The defendant, along with his codefendant Wayne Thompson, was convicted, after a joint jury trial, of robbery in the first degree and grand larceny in the fourth degree as a result of their alleged involvement in the robbery of a Brooklyn supermarket. For the reasons which follow, we conclude that reversal of the defendant’s judgment of conviction is necessary.
We agree with the defendant’s contention that the trial court committed reversible error in denying his request pursuant to People v Rosario (9 NY2d 286, cert denied 368 US 866; see also, People v Jones, 70 NY2d 547), that the People turn over the data analysis sheet (hereinafter DAS), which was compiled by the prosecution and which contained statements *483made by two prosecution witnesses. Contrary to the People’s position, the DAS did not consist merely of factual details of the crime (cf., People v Adger, 144 AD2d 475; People v Mills, 142 AD2d 653), but in fact consisted of witnesses’ statements, which are subject to disclosure (People v Smith, 150 AD2d 275; People v Wright, 135 AD2d 594). Moreover, contrary to the People’s contention, the DAS did not fall within the work product exemption of CPL 240.10 (2) (see, People v Smith, supra). Under these circumstances, a new trial is required.
We also conclude that the suppression court erred in denying that branch of the defendant’s omnibus motion which was to suppress the showup identification which took place after the defendant and codefendant were transported back to the scene of the crime.
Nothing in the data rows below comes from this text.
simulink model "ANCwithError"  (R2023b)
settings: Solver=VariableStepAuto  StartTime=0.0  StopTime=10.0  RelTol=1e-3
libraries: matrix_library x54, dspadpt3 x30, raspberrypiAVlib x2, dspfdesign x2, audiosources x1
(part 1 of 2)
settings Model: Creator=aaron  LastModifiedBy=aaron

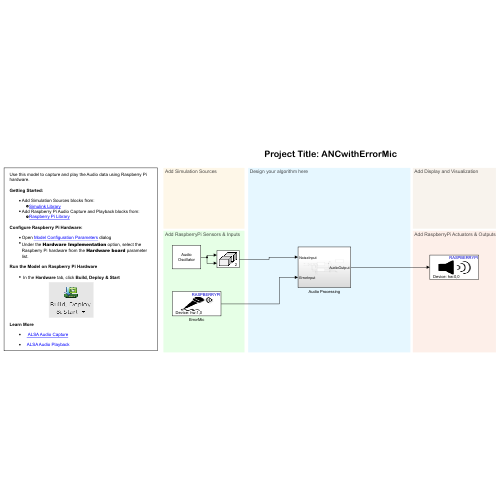
[thumbnail: Simulink's stored preview of the top-level diagram]
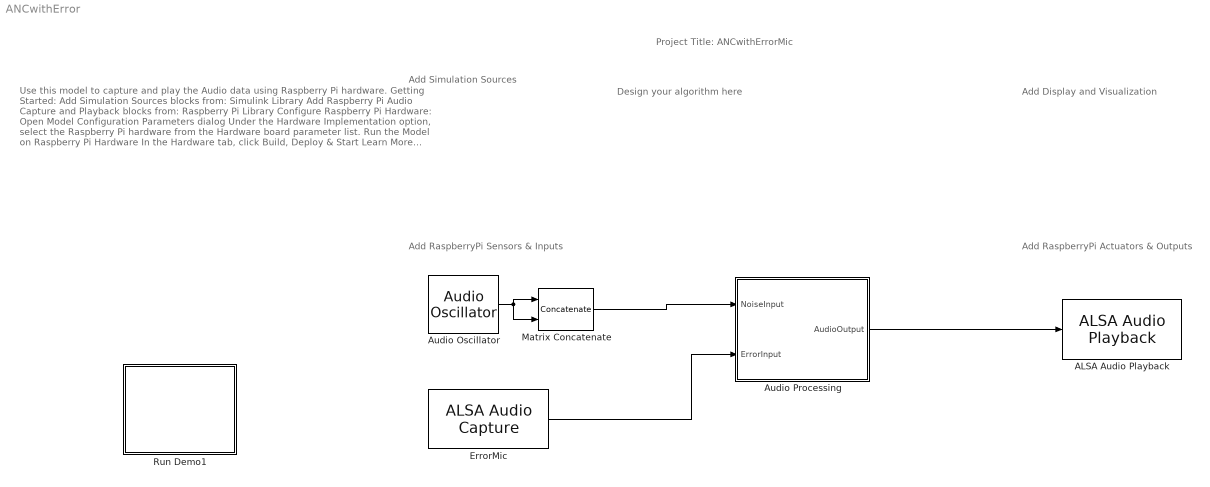
== system ANCwithError ==
  note: Use this model to capture and play the Audio data using Raspberry Pi hardware.
      |
      | Getting Started:
      |
      | Add Simulation Sources blocks from:
      | Simulink Library
      | Add Raspberry Pi Audio Capture and Playback blocks from:
      | Raspberry Pi Library
      |
      | Configure Raspberry Pi Hardware:
      |
      | Open Model Configuration Parameters dialog
      | Under the Hardware Implementation option, select the Raspberry Pi hardware from the Hardware board parameter list.
      |
      | Run the Model on Raspberry Pi Hardware
      |
      | In the Hardware tab, click Build, Deploy & Start
      |
      | Learn More
      | ALSA Audio Capture
      | ALSA Audio Playback
  note: Add Simulation Sources
  note: Add RaspberryPi Sensors & Inputs
  note: Project Title: ANCwithErrorMic
  note: Add Display and Visualization
  note: Add RaspberryPi Actuators & Outputs
  note: Design your algorithm here
  ALSA Audio Playback : raspberrypiAVlib/ALSA Audio Playback  deviceStr='hw:0,0'  sampleRateEnum=44100  queueDuration=0.5  blockPlatform=Raspberry Pi
  Audio Oscillator : audiosources/Audio Oscillator  FrequencyPort=off  Frequency=300  AmplitudePort=off  Amplitude=30000  DCOffsetPort=off  PhaseOffset=0  DCOffset=0  WidthPort=off  Width=1  DutyCyclePort=off  DutyCycle=0.5  SampsPerFrame=10  Fs=44100  OutputDataType=double  SimulateUsing=Code generation
      settings: SignalType=sine
  Audio Processing : Subsystem
  ErrorMic : raspberrypiAVlib/ALSA Audio Capture  deviceStr='hw:1,0'  DataBitDepth=16-bit integer  numberOfChannels=2  sampleRateEnum=44100  frameSize=SpF  QueueDuration=0.5  blockPlatform=Raspberry Pi
  Matrix Concatenate : Concatenate  Mode=Multidimensional array  ConcatenateDimension=2
  Run Demo1 : Subsystem  Description=Controls host-side RTDX processing.
      mask Display: pic=imread('raspberrypiBuildDeployAndStart.png');image(pic);
  wires:
  Matrix Concatenate/1 -> Audio Processing/1(NoiseInput)
  Audio Processing/1(AudioOutput) -> ALSA Audio Playback/1
  Audio Oscillator/1 -> Matrix Concatenate/2, Matrix Concatenate/1
  ErrorMic/1 -> Audio Processing/2(ErrorInput)

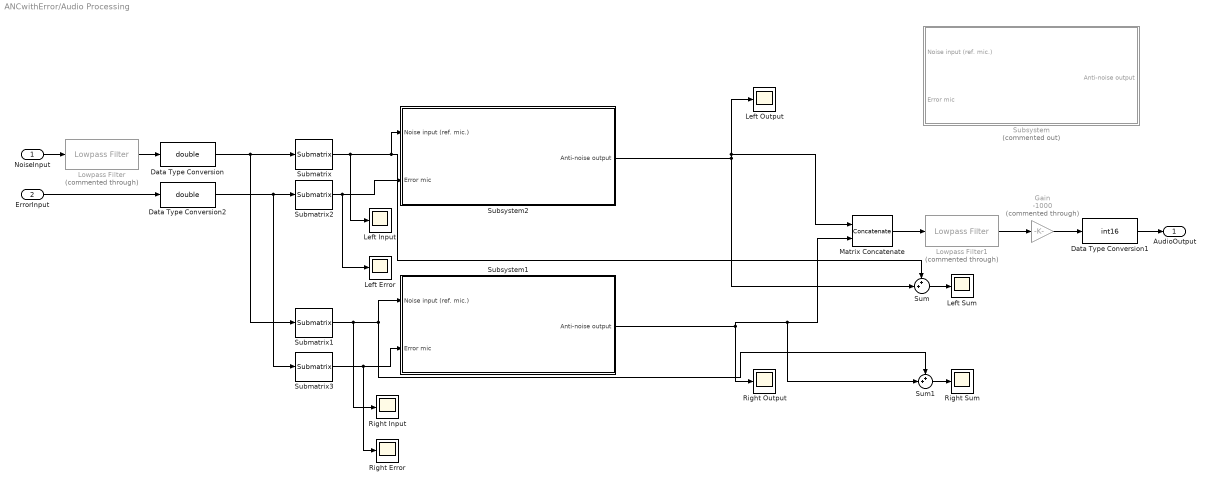
== system ANCwithError/Audio Processing ==
  NoiseInput : Inport
  ErrorInput : Inport  Port=2
  Data Type Conversion : DataTypeConversion  OutDataTypeStr=double  SaturateOnIntegerOverflow=off  RndMeth=Floor
  Data Type Conversion1 : DataTypeConversion  OutDataTypeStr=int16  SaturateOnIntegerOverflow=off  RndMeth=Floor  LockScale=on
  Data Type Conversion2 : DataTypeConversion  OutDataTypeStr=double  SaturateOnIntegerOverflow=off  RndMeth=Floor
  Gain : Gain  Commented=through  Gain=-1000
  Left Error : Scope
  Left Input : Scope
  Left Output : Scope
  Left Sum : Scope
  Lowpass Filter : dspfdesign/Lowpass Filter  Commented=through  FilterType=FIR  DesignForMinimumOrder=on  FilterOrder=50  PassbandFrequency=6e2  StopbandFrequency=10e2  PassbandRipple=0.1  StopbandAttenuation=80  SampleRateMode=Specify on dialog  SampleRate=44100  SimulateUsing=Interpreted execution  roundingMode=Floor  coeffsDataTypeStr=fixdt(1,16)
  Lowpass Filter1 : dspfdesign/Lowpass Filter  Commented=through  FilterType=FIR  DesignForMinimumOrder=on  FilterOrder=50  PassbandFrequency=6e2  StopbandFrequency=10e2  PassbandRipple=0.1  StopbandAttenuation=80  SampleRateMode=Specify on dialog  SampleRate=44100  SimulateUsing=Interpreted execution  roundingMode=Floor  coeffsDataTypeStr=fixdt(1,16)
  Matrix Concatenate : Concatenate  Mode=Multidimensional array  ConcatenateDimension=2
  Right Error : Scope
  Right Input : Scope
  Right Output : Scope
  Right Sum : Scope
  Submatrix : matrix_library/Submatrix  RowSpan=All rows  RowStartMode=First  RowStartIndex=1  RowEndMode=Last  RowEndIndex=1  ColSpan=One column  ColStartMode=First  ColStartIndex=1  ColEndMode=Last  ColEndIndex=1
  Submatrix1 : matrix_library/Submatrix  RowSpan=All rows  RowStartMode=First  RowStartIndex=1  RowEndMode=Last  RowEndIndex=1  ColSpan=One column  ColStartMode=Last  ColStartIndex=1  ColEndMode=Last  ColEndIndex=1
  Submatrix2 : matrix_library/Submatrix  RowSpan=All rows  RowStartMode=First  RowStartIndex=1  RowEndMode=Last  RowEndIndex=1  ColSpan=One column  ColStartMode=First  ColStartIndex=1  ColEndMode=Last  ColEndIndex=1
  Submatrix3 : matrix_library/Submatrix  RowSpan=All rows  RowStartMode=First  RowStartIndex=1  RowEndMode=Last  RowEndIndex=1  ColSpan=One column  ColStartMode=Last  ColStartIndex=1  ColEndMode=Last  ColEndIndex=1
  Subsystem : Subsystem  Commented=on  TreatAsAtomicUnit=on
  Subsystem1 : Subsystem  TreatAsAtomicUnit=on
  Subsystem2 : Subsystem  TreatAsAtomicUnit=on
  Sum : Sum  Inputs=++|
  Sum1 : Sum  Inputs=++|
  AudioOutput : Outport
  wires:
  Data Type Conversion/1 -> Submatrix1/1, Submatrix/1
  Submatrix/1 -> Subsystem2/1(Noise input (ref. mic.)), Sum/1, Left Input/1
  NoiseInput/1 -> Lowpass Filter/1
  Submatrix1/1 -> Sum1/1, Subsystem1/1(Noise input (ref. mic.)), Right Input/1
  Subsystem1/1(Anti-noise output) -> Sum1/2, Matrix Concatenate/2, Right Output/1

The evidence adduced at the suppression hearing established that the police officers responded to a radio report of a robbery in progress at a supermarket located at 382 McDonald Avenue, Brooklyn. Upon their arrival at the scene, the police officers spoke to a number of individuals standing outside the supermarket and were given "a brief description” of the perpetrators. The perpetrators were described as two black males wearing gray and white shirts and black pants. The officers were also informed of the direction in which the perpetrators had fled. Approximately two blocks away from the scene of the crime, the officers observed two black males, later identified as the defendant and the codefendant, walking eastbound along Church Avenue. The codefendant was clad in a brown shirt and the defendant’s shirt was black and gray. The officers pulled up behind the two men and directed them to stand against a nearby building and place their hands against the wall. The officers exited their car with guns drawn, approached the two men and conducted a frisk. No money or weapons were found. Thereafter, two employees of the supermarket were taken by the police to the area where the defendant and the codefendant had been detained. Upon viewing the two men, the first witness ran out of the patrol car and shouted: "That’s them. That’s them”. When the police officer asked the second witness if he recognized the two men, the witness responded "Yeah, it looks like them”. The defendant and the codefendant were then transported to the supermarket in the back seat of the police car where they were positively identified by two other witnesses, Gary McCarthy and Raymond Redeman.
In People v Riley (70 NY2d 523, 529), the Court of Appeals addressed the issue of showup identifications as follows: "Showup identifications, by their nature suggestive, are *484strongly disfavored but are permissible if exigent circumstances require immediate identification (People v Rivera, 22 NY2d 453), or if the suspects are captured at or near the crime scene and can be viewed by the witness immediately (People v Love, 57 NY2d 1023). Generally, a showup identification will be inadmissible when 'there was no effort to make the least provision for a reliable identification and the combined result of the procedures employed’ establish that the showup was unduly suggestive (People v Adams, 53 NY2d 241, 249)”. Judged by this standard, we conclude that the second showup identification conducted by the police was unduly suggestive and should have been suppressed. The facts adduced at the suppression hearing clearly indicate that "exigent circumstances” existed to justify the initial showup identification at the scene of the defendants’ detention. However, once that initial showup provided the police with an immediate identification of the alleged perpetrators as well as probable cause to place them under arrest, no "exigent circumstances” existed for the subsequent showup at the scene of the crime. Accordingly, the hearing court should have granted suppression of the second showup identification of the defendant made by McCarthy and Redeman.
In view of the absence of a finding by the suppression court as to whether the in-court identifications of the defendant by McCarthy and Redeman are supported by a source independent of the suggestive showup procedure, a hearing on this issue must be conducted prior to the defendant’s retrial. We further note that the suppression court acted improperly in denying the request by the defendant, as well as that of the codefendant, to absent themselves from the courtroom during Redeman’s identification testimony (see, People v Anderson, 16 NY2d 282; People v Hubener, 133 AD2d 233). Accordingly, upon remittitur, the defendant should be permitted to absent himself from the Wade hearing if he so desires. Mollen, P. J., Lawrence, Eiber and Kooper, JJ., concur.